Case study : Plesk high load average during backup resolved using LVM
As a Server Management company, we monitor and maintain web hosting servers of digital marketers, web designers, web hosts, and other web solution providers.
Some of our customers use Plesk as the web hosting control panel, and we often fix load issues, backup errors and more to keep their services reliable.
Today, we’ll take a look at how we fixed a high load average issue in a Plesk server.
Chapter 1 : Alert reaction – responding to Plesk high load average
Our server experts monitor customer servers 24/7. When we see an issue, we login to the server within minutes and investigate what’s happening.
One day we saw high load average in a Plesk server that we maintain. The load was 26 and climbing, while the normal load should be 4.
We saw backup processes running past its scheduled time, and was hogging all the CPU and I/O resources.
This was causing all productions services such as HTTP, MySQL and Email to respond slow, or to even time out.
[ If your Plesk server is under high load right now, click here for expert care right now. Our Plesk experts are online 24/7 ]
Chapter 2 : Service recovery – Killing the load spike and restoring services
During events like this, our priority is always to restore quality of service.

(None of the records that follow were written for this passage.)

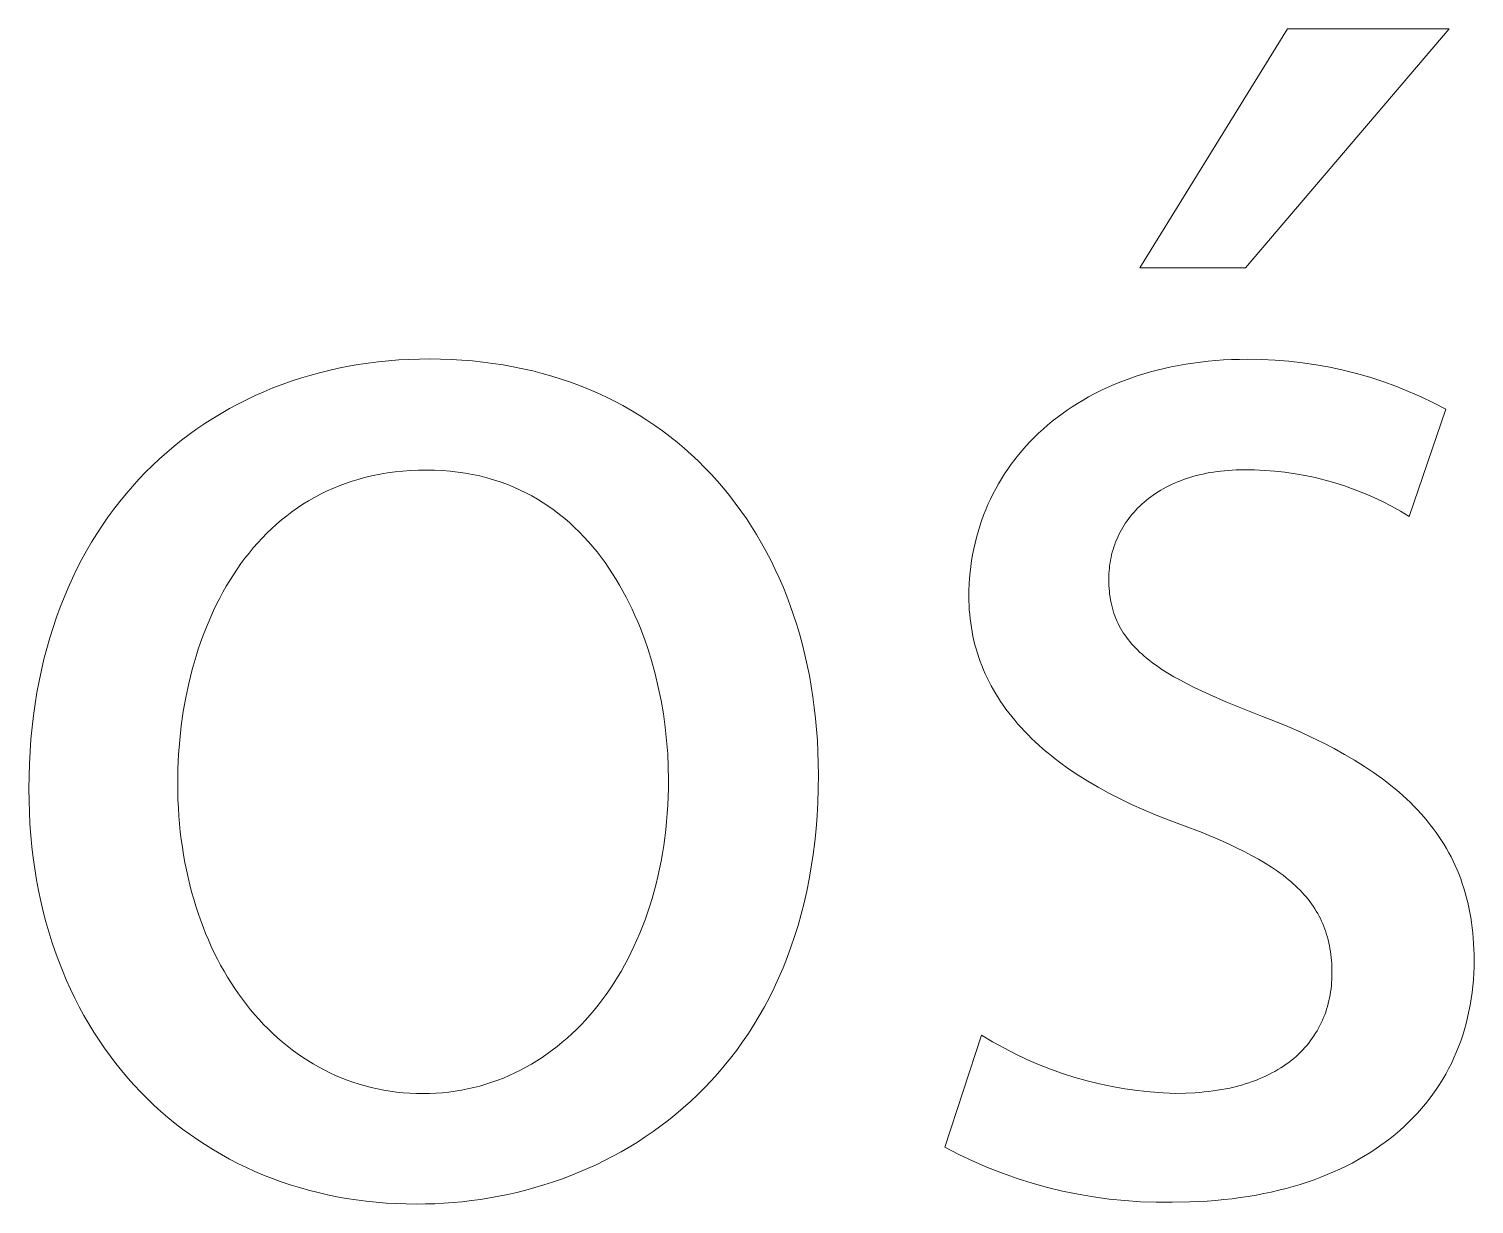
# Model space of a CAD drawing. Header units: millimetres. Extents: x 1383 to 4664, y -160 to 2132.
# Drawn here: x 3839.79 to 3868.23, y -105.34 to -82.21 of the extents above; entities that cross this region are included whole.
import ezdxf

# ---------------------------------------------------------------- set-up
doc = ezdxf.new("R2010")
doc.units = ezdxf.units.MM
doc.header["$MEASUREMENT"] = 0
doc.layers.add('Domyślny', color=7, linetype='Continuous', true_color=0x000000)

msp = doc.modelspace()

# ---------------------------------------------------------------- linework, layer by layer
at = {"layer": 'Domyślny', "color": 18, "lineweight": 15, "true_color": 0x000000}
for p, q in [((3861.652, -86.912), (3864.559, -82.213)), ((3867.738, -82.213), (3863.728, -86.912)), ((3864.559, -82.213), (3867.738, -82.213)), ((3863.728, -86.912), (3861.652, -86.912)), ((3846.866, -88.744), (3847.067, -88.728)), ((3847.067, -88.728), (3847.269, -88.717)), ((3847.269, -88.717), (3847.473, -88.71)), ((3847.473, -88.71), (3847.678, -88.708)), ((3847.678, -88.708), (3847.891, -88.71)), ((3847.891, -88.71), (3848.102, -88.717)), ((3848.102, -88.717), (3848.31, -88.729)), ((3848.31, -88.729), (3848.517, -88.746)), ((3863.147, -88.739), (3863.3, -88.728)), ((3863.3, -88.728), (3863.455, -88.72)), ((3863.455, -88.72), (3863.613, -88.716)), ((3863.613, -88.716), (3863.772, -88.714)), ((3863.772, -88.714), (3864.043, -88.718)), ((3864.043, -88.718), (3864.314, -88.73)), ((3864.314, -88.73), (3864.584, -88.751)), ((3845.319, -89.031), (3845.506, -88.98)), ((3845.506, -88.98), (3845.695, -88.933)), ((3845.695, -88.933), (3845.885, -88.891)), ((3845.885, -88.891), (3846.078, -88.852)), ((3846.078, -88.852), (3846.272, -88.819)), ((3846.272, -88.819), (3846.468, -88.789)), ((3846.468, -88.789), (3846.666, -88.765)), ((3846.666, -88.765), (3846.866, -88.744)), ((3848.517, -88.746), (3848.72, -88.768)), ((3848.72, -88.768), (3848.922, -88.794)), ((3848.922, -88.794), (3849.121, -88.825)), ((3849.121, -88.825), (3849.318, -88.86)), ((3849.318, -88.86), (3849.512, -88.9)), ((3849.512, -88.9), (3849.704, -88.944)), ((3849.704, -88.944), (3849.893, -88.993)), ((3849.893, -88.993), (3850.08, -89.046)), ((3861.6, -89.04), (3861.73, -89)), ((3861.73, -89), (3861.862, -88.961)), ((3861.862, -88.961), (3861.996, -88.926)), ((3861.996, -88.926), (3862.132, -88.893)), ((3862.132, -88.893), (3862.271, -88.862)), ((3862.271, -88.862), (3862.412, -88.835)), ((3862.412, -88.835), (3862.554, -88.81)), ((3862.554, -88.81), (3862.699, -88.788)), ((3862.699, -88.788), (3862.846, -88.769)), ((3862.846, -88.769), (3862.996, -88.752)), ((3862.996, -88.752), (3863.147, -88.739)), ((3864.584, -88.751), (3864.853, -88.782)), ((3864.853, -88.782), (3865.121, -88.821)), ((3865.121, -88.821), (3865.388, -88.87)), ((3865.388, -88.87), (3865.653, -88.927)), ((3865.653, -88.927), (3865.916, -88.993)), ((3865.916, -88.993), (3866.176, -89.068)), ((3844.416, -89.352), (3844.592, -89.279)), ((3844.592, -89.279), (3844.771, -89.211)), ((3844.771, -89.211), (3844.951, -89.147)), ((3844.951, -89.147), (3845.134, -89.087)), ((3845.134, -89.087), (3845.319, -89.031)), ((3850.08, -89.046), (3850.264, -89.104)), ((3850.264, -89.104), (3850.445, -89.166)), ((3850.445, -89.166), (3850.624, -89.232)), ((3850.624, -89.232), (3850.8, -89.303)), ((3860.868, -89.337), (3860.984, -89.281)), ((3860.984, -89.281), (3861.103, -89.228)), ((3861.103, -89.228), (3861.224, -89.178)), ((3861.224, -89.178), (3861.347, -89.13)), ((3861.347, -89.13), (3861.472, -89.084)), ((3861.472, -89.084), (3861.6, -89.04)), ((3866.176, -89.068), (3866.434, -89.152)), ((3866.434, -89.152), (3866.689, -89.244)), ((3866.689, -89.244), (3866.94, -89.345)), ((3843.902, -89.595), (3844.071, -89.51)), ((3844.071, -89.51), (3844.243, -89.429)), ((3844.243, -89.429), (3844.416, -89.352)), ((3850.8, -89.303), (3850.973, -89.377)), ((3850.973, -89.377), (3851.143, -89.456)), ((3851.143, -89.456), (3851.311, -89.539)), ((3851.311, -89.539), (3851.476, -89.626)), ((3860.322, -89.647), (3860.427, -89.581)), ((3860.427, -89.581), (3860.534, -89.516)), ((3860.534, -89.516), (3860.643, -89.454)), ((3860.643, -89.454), (3860.754, -89.394)), ((3860.754, -89.394), (3860.868, -89.337)), ((3866.94, -89.345), (3867.188, -89.455)), ((3867.188, -89.455), (3867.432, -89.572)), ((3867.432, -89.572), (3867.673, -89.698)), ((3843.41, -89.876), (3843.572, -89.778)), ((3843.572, -89.778), (3843.736, -89.685)), ((3843.736, -89.685), (3843.902, -89.595)), ((3851.476, -89.626), (3851.637, -89.718)), ((3851.637, -89.718), (3851.796, -89.813)), ((3851.796, -89.813), (3851.952, -89.912)), ((3859.929, -89.933), (3860.024, -89.859)), ((3860.024, -89.859), (3860.121, -89.786)), ((3860.121, -89.786), (3860.22, -89.716)), ((3860.22, -89.716), (3860.322, -89.647)), ((3867.673, -89.698), (3866.951, -91.806)), ((3842.943, -90.193), (3843.096, -90.083)), ((3843.096, -90.083), (3843.252, -89.978)), ((3843.252, -89.978), (3843.41, -89.876)), ((3851.952, -89.912), (3852.105, -90.015)), ((3852.105, -90.015), (3852.255, -90.122)), ((3852.255, -90.122), (3852.401, -90.233)), ((3859.66, -90.169), (3859.747, -90.088)), ((3859.747, -90.088), (3859.837, -90.01)), ((3859.837, -90.01), (3859.929, -89.933)), ((3842.501, -90.547), (3842.645, -90.425)), ((3842.645, -90.425), (3842.793, -90.307)), ((3842.793, -90.307), (3842.943, -90.193)), ((3852.401, -90.233), (3852.545, -90.347)), ((3852.545, -90.347), (3852.685, -90.466)), ((3859.336, -90.508), (3859.413, -90.42)), ((3859.413, -90.42), (3859.493, -90.335)), ((3859.493, -90.335), (3859.575, -90.251)), ((3859.575, -90.251), (3859.66, -90.169)), ((3842.222, -90.803), (3842.36, -90.673)), ((3842.36, -90.673), (3842.501, -90.547)), ((3852.685, -90.466), (3852.823, -90.588)), ((3852.823, -90.588), (3852.957, -90.714)), ((3852.957, -90.714), (3853.087, -90.843)), ((3859.121, -90.78), (3859.19, -90.688)), ((3859.19, -90.688), (3859.262, -90.597)), ((3859.262, -90.597), (3859.336, -90.508)), ((3841.955, -91.074), (3842.087, -90.937)), ((3842.087, -90.937), (3842.222, -90.803)), ((3846.562, -91.002), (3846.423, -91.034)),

So, we immediately killed the backup processes to bring the load down. (Of course, if it was a primary service like MySQL that caused the load, killing would not be an option. We would use other means like user limits).
Within 10 minutes the server load was back to normal, and sites were loading fast.
Now, we set out to find why the load spike happened in the first place.
[ Don’t lose sleep over server issues. Our server experts will monitor your servers 24/7 and rescue your server from errors. Click here to know more. ]
Chapter 3 : Investigation – Finding out why Plesk backups were causing high load
From disk errors to connectivity issues, there are a hundred reasons for backups to fail.
To make sure the same issue won’t recur, we had to find exactly how the issue started.
We found that the backup disk was full at 100%.
Over time many customer accounts had grown in size, and the backup disk used for daily backups was no longer adequate.
This was causing backup process to stall, but not terminate itself. It was holding a big chunk of server memory, and not releasing it to other services such as HTTP or MySQL.
This forced the other services to use swap memory, and use the hard disk more – leading to high disk I/O, and high server load.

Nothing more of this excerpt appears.